A Discrete Model of the Euclidean Plane

Moshe Looks, 12/17/2021

Imagine a digital universe where points in space are vertices in a graph, and the distance between two points is the length of a shortest path between them. Can the graph be structured whereby macroscopic observers living in the universe perceive isotropic space, as we perceive in our universe?

Introduction

The distance \(d_G(u, v)\) between vertices in an undirected graph \(G = (V, E)\) is the number of edges in a shortest path between \(u\) and \(v\). The distance \(d_2(u, v)\) between points on the Euclidean plane is the \(2\)-norm of the line segment between \(u\) and \(v\). Non-degenerate \(V \subset \mathbb{N}^2\) cannot satisfy \(d_G = d_2\) because of the incommensurability of the side and the diagonal of a square. Nonetheless, \(d_G\) can be used to approximate \(d_2\); the approximation will be better or worse as a function of \(G\). How well can \(d_G\) approximate \(d_2\), as \(|V|\) grows?

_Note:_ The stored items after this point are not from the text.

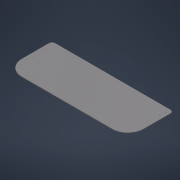
# Autodesk Inventor part: Base
Saved by Autodesk Inventor 2022 (Build 260153000, 153)
## iProperties
Created: 2021-09-08
Part Number: Base
Material: Steel, Mild, Welded
Document SubType Name: Modeling
Designer: Andres
Density: 7.85 g/cm^3
Appearance: Weld - Steel Mild
Author: Andres
Autodesk Inventor part; units mm, degrees
ref_plane "YZ Plane" through (0, 0, 0) normal (1, 0, 0) x (0, 1, 0)
ref_plane "XZ Plane" through (0, 0, 0) normal (0, 1, 0) x (-1, 0, 0)
ref_plane "XY Plane" through (0, 0, 0) normal (0, 0, 1) x (1, 0, 0)
sketch "Sketch1" plane through (0, 0, 0) normal (0, 1, 0) x (-1, 0, 0)
  line L0 (-380, -150) -> (380, -150)
  line L1 (400, -130) -> (400, 50)
  line L2 (300, 150) -> (-300, 150)
  line L3 (-400, 50) -> (-400, -130)
  line L4 (-400, -150) -> (400, 150) construction
  line L5 (400, -150) -> (-400, 150) construction
  arc A0 (400, 50) -> (300, 150) centre (300, 50) ccw
  arc A1 (-300, 150) -> (-400, 50) centre (-300, 50) ccw
  arc A2 (-400, -130) -> (-380, -150) centre (-380, -130) ccw
  arc A3 (380, -150) -> (400, -130) centre (380, -130) ccw
  line L6 (-300, 155) -> (300, 155)
  arc A4 (405, 50) -> (300, 155) centre (300, 50) ccw
  line L7 (405, 50) -> (405, -130)
  arc A5 (380, -155) -> (405, -130) centre (380, -130) ccw
  line L8 (380, -155) -> (-380, -155)
  arc A6 (-405, -130) -> (-380, -155) centre (-380, -130) ccw
  line L9 (-405, -130) -> (-405, 50)
  arc A7 (-300, 155) -> (-405, 50) centre (-300, 50) ccw
  point P0 (0, 0)
  point P1 (0, 0)
  dimension "d0" = 800
  dimension "d1" = 300
  dimension "d2" = 100
  dimension "d3" = 20
  dimension "espesor" = 5
  constraints: 20 end point, 16 point on circle, 8 centre point, 8 point on line, 8 tangent, 4 midpoint, 4 parallel, 2 equal radius, 2 perpendicular, 1 horizontal, 7 other
  measures "d0" distance of L4.end L5.end
  measures "d1" distance between parallel lines of L0 L2
  measures "d2" radius of A0
  measures "d3" radius of A2
  measures "espesor" distance between parallel lines of L1 L7
extrude "Extrusion1" add sketch "Sketch1" along normal blind 5 contours A2 L3 A1 L2 A0 L1 A3 L0
sketch "Sketch2" plane through (0, 5, 0) normal (0, 1, 0) x (1, 0, 0)
  line L0 (-290, -130) -> (-250, -130) construction
  line L1 (-300, -150) -> (300, -150) construction
  line L2 (0, 210) -> (0, -210) construction
  line L3 (290, -130) -> (250, -130) construction
  line L4 (-380, 120) -> (-380, 80) construction
  line L5 (-380, 0) -> (-380, -40) construction
  line L6 (-400, 130) -> (-400, -50) construction
  line L7 (380, 120) -> (380, 80) construction
  line L8 (380, 0) -> (380, -40) construction
  point P0 (0, 0)
  point P1 (-20, -130)
  point P2 (20, -130)
  dimension "d7" = 40
  dimension "d8" = 20
  dimension "d9" = 500
  dimension "d10" = 40
  dimension "d11" = 40
  dimension "d12" = 80
  dimension "d14" = 20
  dimension "d23" = 40
  constraints: 12 end point, 7 symmetric about line, 2 horizontal alignment, 2 vertical, 1 collinear, 1 horizontal
  measures "d7" distance of L0.start L0.end
  measures "d8" distance between parallel lines of L1 L0
  measures "d9" distance of L3.end L0.end
  measures "d10" distance of L5.start L5.end
  measures "d11" distance of L4.start L4.end
  measures "d12" distance of L5.start L4.end
  measures "d14" distance from line of L6 L5.end
  measures "d23" distance of point (20, -130) point (-20, -130)
hole "Hole1" at (-290, 5, 130) at (-250, 5, 130) at (290, 5, 130) at (250, 5, 130) at (-380, 5, -120) at (-380, 5, -80) at (-380, 5, 40) at (-380, 5, 0) at (380, 5, -120) at (380, 5, -80) at (380, 5, 0) at (380, 5, 40) at (-20, 5, 130) at (20, 5, 130) direction (0, -1, 0) diameter 3.4 end through all clearance for "Socket Head Cap Screw ISO 4762" size "M3" standard "ISO"
equation "\"d4\" = espesor"
equation "\"d10\" = d7"
equation "\"d11\" = d7"
equation "\"d23\" = d7"
body "Solid1"

This question is difficult to answer in full generality. Let's consider the special case of a graph whose vertices are the square grid \(\{1, \ldots, n\} \times \{1, \ldots, n\}\). If we add edges between horizontal and vertical neighbors, we get \(d_1\) taxicab distances, based on the \(1\)-norm. If we additionally add edges between diagonal neighbors, then we get \(d_\infty\) chessboard distances, based on the \(\infty\)-norm.

Left: Graph with taxicab distances.

Right: Graph with chessboard distances.

We have the nice property that \(d_1 \leq d_2 \leq d_\infty\), although neither one of these constructs gives us a very good approximation of \(d_2\). It is easy to see that in both cases, the divergences from \(d_2\) grow unboundedly with \(n\). In fact, Fritz has proven that this divergence happens for every distance function based on a periodic graph. But nothing prevents us from considering aperiodic graphs. What happens if we start with a graph corresponding to \(d_1\) and we add edges between only some diagonal neighbors? Let's call this sort of graph, where \(d_G\) is meant to approximate \(d_2\), an order-\(n\) Eugrid.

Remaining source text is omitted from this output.